Many of the variants in this region are predicted to be damaging or deleterious by multiple programs. SLC5A10 partially overlaps with FAM83G, which is expressed in the skin and esophagus (eQTLs; https://www.gtexportal.org/home/)19. It is not likely that variants in this region represent diabetes-related factors; neither gene is known to impact diabetes risk, fasting glucose or HbA1c. In addition, variants near SLC5A10 were not associated with diabetes status, and comparing individuals with and without variants in SLC5A10, multiple other measures of hyperglycemia were similar, while mean 1,5-AG differed substantially (Supplementary Fig. S2). Given this evidence, it is likely that rs61741107 and rs148178887 represent putative causal variants for 1,5-AG in this region.
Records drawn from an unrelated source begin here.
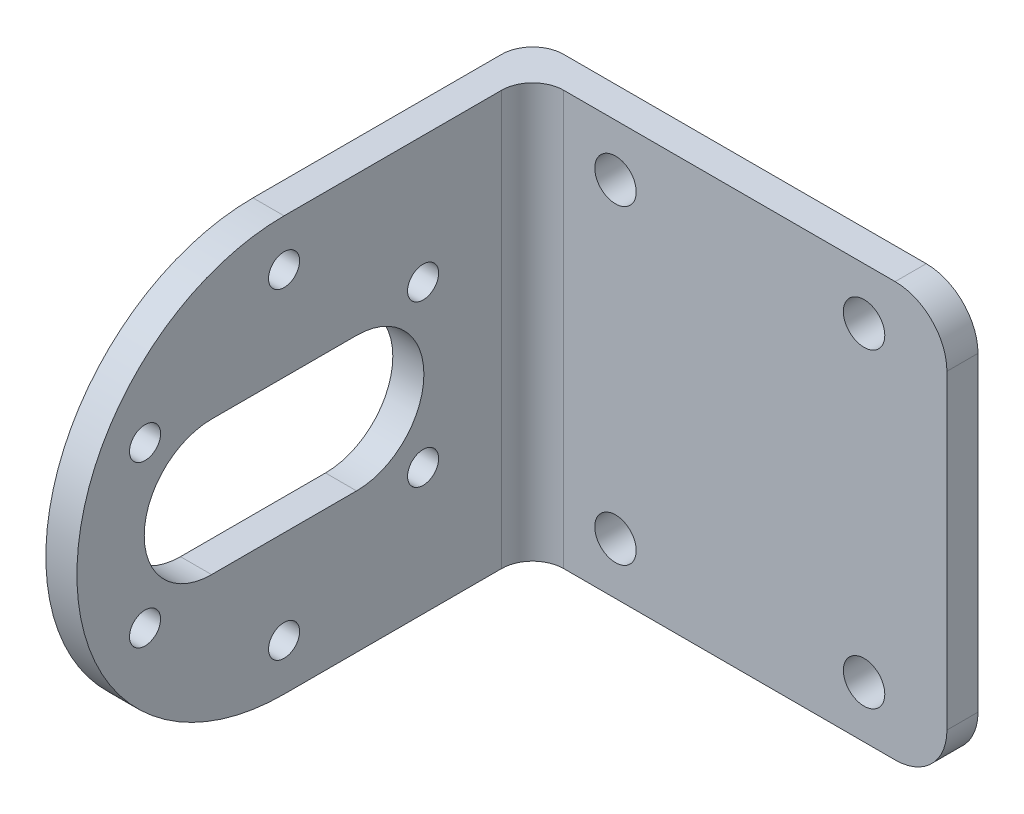
from build123d import *

# Parameters (mm, degrees)
SKETCH_1_W      = 40
SKETCH_1_H      = 40
SKETCH_1_R      = 2
EXTRUDE_1_DEPTH = 3
FILLET_1_R      = 5
SKETCH_2_R      = 1.5
EXTRUDE_2_DEPTH = 3
FILLET_2_R      = 3


with BuildPart() as part:
    # 草图1 → 凸台-拉伸1 (new body)
    with BuildSketch(Plane.XY):
        with Locations((20, 20)):
            Rectangle(SKETCH_1_W, SKETCH_1_H)
        with Locations((8, 35)):
            Circle(SKETCH_1_R, mode=Mode.SUBTRACT)
        with Locations((32, 35)):
            Circle(SKETCH_1_R, mode=Mode.SUBTRACT)
        with Locations((32, 5)):
            Circle(SKETCH_1_R, mode=Mode.SUBTRACT)
        with Locations((8, 5)):
            Circle(SKETCH_1_R, mode=Mode.SUBTRACT)
    extrude(amount=EXTRUDE_1_DEPTH)

    # 圆角1
    fillet_1_edges = [part.edges().sort_by_distance(p)[0] for p in [
        (40, 40, 1.5),
        (40, 0, 1.5),
    ]]
    fillet(fillet_1_edges, radius=FILLET_1_R)

    # 草图2 → 凸台-拉伸2 (add)
    with BuildSketch(Plane.ZY):
        with BuildLine():
            Line((0, 40), (27, 40))
            ThreePointArc((27, 40), (47, 20), (27, 0))
            Line((27, 0), (0, 0))
            Line((0, 0), (0, 40))
        make_face()
        with Locations((27, 35.5)):
            Circle(SKETCH_2_R, mode=Mode.SUBTRACT)
        with Locations((40.423393759, 27.75)):
            Circle(SKETCH_2_R, mode=Mode.SUBTRACT)
        with Locations((40.423393759, 12.25)):
            Circle(SKETCH_2_R, mode=Mode.SUBTRACT)
        with Locations((27, 4.5)):
            Circle(SKETCH_2_R, mode=Mode.SUBTRACT)
        with Locations((13.576606241, 12.25)):
            Circle(SKETCH_2_R, mode=Mode.SUBTRACT)
        with Locations((13.576606241, 27.75)):
            Circle(SKETCH_2_R, mode=Mode.SUBTRACT)
        with BuildLine():
            Line((20, 26.5), (34, 26.5))
            ThreePointArc((34, 26.5), (40.5, 20), (34, 13.5))
            Line((34, 13.5), (20, 13.5))
            ThreePointArc((20, 13.5), (13.5, 20), (20, 26.5))
        make_face(mode=Mode.SUBTRACT)
    extrude(amount=EXTRUDE_2_DEPTH)

    # 圆角2
    fillet_2_edges = [part.edges().sort_by_distance(p)[0] for p in [
        (-3, 20, 0),
        (0, 20, 3),
    ]]
    fillet(fillet_2_edges, radius=FILLET_2_R)


solid = part.part

In addition, significant, common variants on chromosomes 1, 2, 3 and 22, and a low frequency variant on chromosome 7 were associated with 1,5-AG concentrations. These loci were all identified by our previous GWAS in the region near LCT/UBXN4/R3HDM1/RAB3GAP1. While several of the variants in this region are nonsynonymous, they were mainly not predicted to be damaging or deleterious, and the effect sizes are relatively small, indicating a potentially more modest impact on 1,5-AG levels. Other regions which were significantly associated among Europeans but not Africans including MGAM, SLC5A1 and SI. Further studies are needed to confirm the role of rare variants in these regions in 1,5-AG.

There is currently debate about the utility of 1,5-AG as a useful biomarker of hyperglycemia in adults with diabetes. Prior to widespread use of any clinical test, it is important to identify limitations overall or for specific subpopulations. Warren et al. have shown that there is a proportion of individuals for whom 1,5-AG produces “false positive results”, i.e., where 1,5-AG concentrations are low while fasting glucose and 2-hour glucose levels are not elevated21. Our work shows evidence of a strong genetic impact on 1,5-AG unrelated to diabetes, which may explain some of these findings. The likely nonglycemic genetic impact on 1,5-AG identified in this work is similar to previous findings in HbA1c, for which variants have been identified which impact HbA1c levels, but are not important mechanisms of glucose control9,22,23. Our results may have implications for the overall utility of the biomarker independent of genetic characterization.

Exome sequencing has highlighted the role of SLC5A10 influencing 1,5-AG levels. This study has provided insight into the biology of this biomarker. Although these rare variants impact a smaller number of individuals than common variants, the large effect sizes would likely alter 1,5-AG levels in a sufficient manner to substantially impact its usefulness as a biomarker of hyperglycemia for carriers.